It's slightly surprising that in exactly this period - when ageing was going out of fashion - the praises of properly stored beer should be sung so enthusiastically.
"The Storage of Beer and Ale.In the 1880s I'm not sure that everyone would have said aged beer was better. The biggest-selling beers of the day - Mild, Porter and Light Bitter - were all sold young. Porter had originally been aged, but Keeping Porter fizzled out in the 1870s.
POPULAR opinions respecting beer are very apt to be fallacious, and frequently the most glaring errors and misstatements with regard to the brewers' processes, are made by those who profess to know " all about it," and are willing to enlighten their friends and associates. To such sources may be traced the majority of the sensational reports that we find spread from time to time respecting the brewer's proceedings, his reckless use of deadly poisons and costly drugs in place of malt and hops, and the terrible effects that must naturally follow the use of any substitutes for these materials. But with all these romances, there is one point on which all those who claim to know anything about beer will always agree, viz., that old beer, or beer that has been stored for a certain length of time, is better than beer that has been only lately brewed. They cannot tell you why, and if they pretend to, their opinions are altogether erroneous, often absurd, and we are sorry to say that while many of our readers know well enough that these ideas are wrong, they have in very few instances given themselves the trouble to find out the real causes for the improvement effected in beer by reasonable storage. "

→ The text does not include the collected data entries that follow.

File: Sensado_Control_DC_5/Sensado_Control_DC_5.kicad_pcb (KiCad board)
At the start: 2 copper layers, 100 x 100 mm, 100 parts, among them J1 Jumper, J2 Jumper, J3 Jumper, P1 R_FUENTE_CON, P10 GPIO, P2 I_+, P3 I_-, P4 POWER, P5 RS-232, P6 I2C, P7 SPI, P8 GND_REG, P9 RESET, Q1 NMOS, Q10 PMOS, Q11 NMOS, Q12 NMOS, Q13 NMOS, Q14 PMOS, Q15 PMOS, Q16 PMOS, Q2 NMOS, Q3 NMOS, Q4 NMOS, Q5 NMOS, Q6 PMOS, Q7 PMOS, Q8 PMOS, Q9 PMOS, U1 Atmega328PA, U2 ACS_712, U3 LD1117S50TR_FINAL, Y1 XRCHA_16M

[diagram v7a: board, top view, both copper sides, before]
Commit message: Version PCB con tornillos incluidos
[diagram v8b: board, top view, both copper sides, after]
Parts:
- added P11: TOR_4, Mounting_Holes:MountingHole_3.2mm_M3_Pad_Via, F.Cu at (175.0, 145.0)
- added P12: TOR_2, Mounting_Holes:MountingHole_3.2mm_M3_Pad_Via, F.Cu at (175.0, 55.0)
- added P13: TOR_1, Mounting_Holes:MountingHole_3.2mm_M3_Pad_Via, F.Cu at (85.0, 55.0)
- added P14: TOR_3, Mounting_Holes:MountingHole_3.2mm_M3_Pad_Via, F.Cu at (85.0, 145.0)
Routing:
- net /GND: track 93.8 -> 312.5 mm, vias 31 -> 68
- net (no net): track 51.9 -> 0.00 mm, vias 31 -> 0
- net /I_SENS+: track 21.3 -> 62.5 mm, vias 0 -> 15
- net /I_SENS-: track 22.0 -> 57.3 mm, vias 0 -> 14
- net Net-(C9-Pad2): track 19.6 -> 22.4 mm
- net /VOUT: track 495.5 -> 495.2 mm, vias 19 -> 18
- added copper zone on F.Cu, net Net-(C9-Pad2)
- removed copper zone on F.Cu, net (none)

Holmes' Brewing Trade Gazette - Friday 01 September 1882, pages 10 - 11.
Here's why aged beer was better than fresh.
"The above remarks, in which we apply the word beer in a general sense, are common in their application to all kinds of beer, and before closing our view of the subject on a general standpoint, there are a few more facts we would refer to. Beer, whether ale or lager, as we have just remarked, is always improved by keeping, provided, however, that it is properly kept. There is a certain smoothness, a blending of all the good qualities into one without any being unduly prominent, so that, while the beer is neither bitter, nor sour, nor sweet, nor injuriously intoxicating, nor unpleasantly overloaded with carbonic acid gas, it has an agreeable flavour of the hops, which is balanced by a necessary acidity and softened by the saccharine and dextrinous extract matter, while the stimulating virtues of its alcohol are lightened and made refreshing by the volatile carbonic acid gas."
Holmes' Brewing Trade Gazette - Friday 01 September 1882, pages 10 - 11.
Basically, the eging process smoothed out and melded together a beers flavours.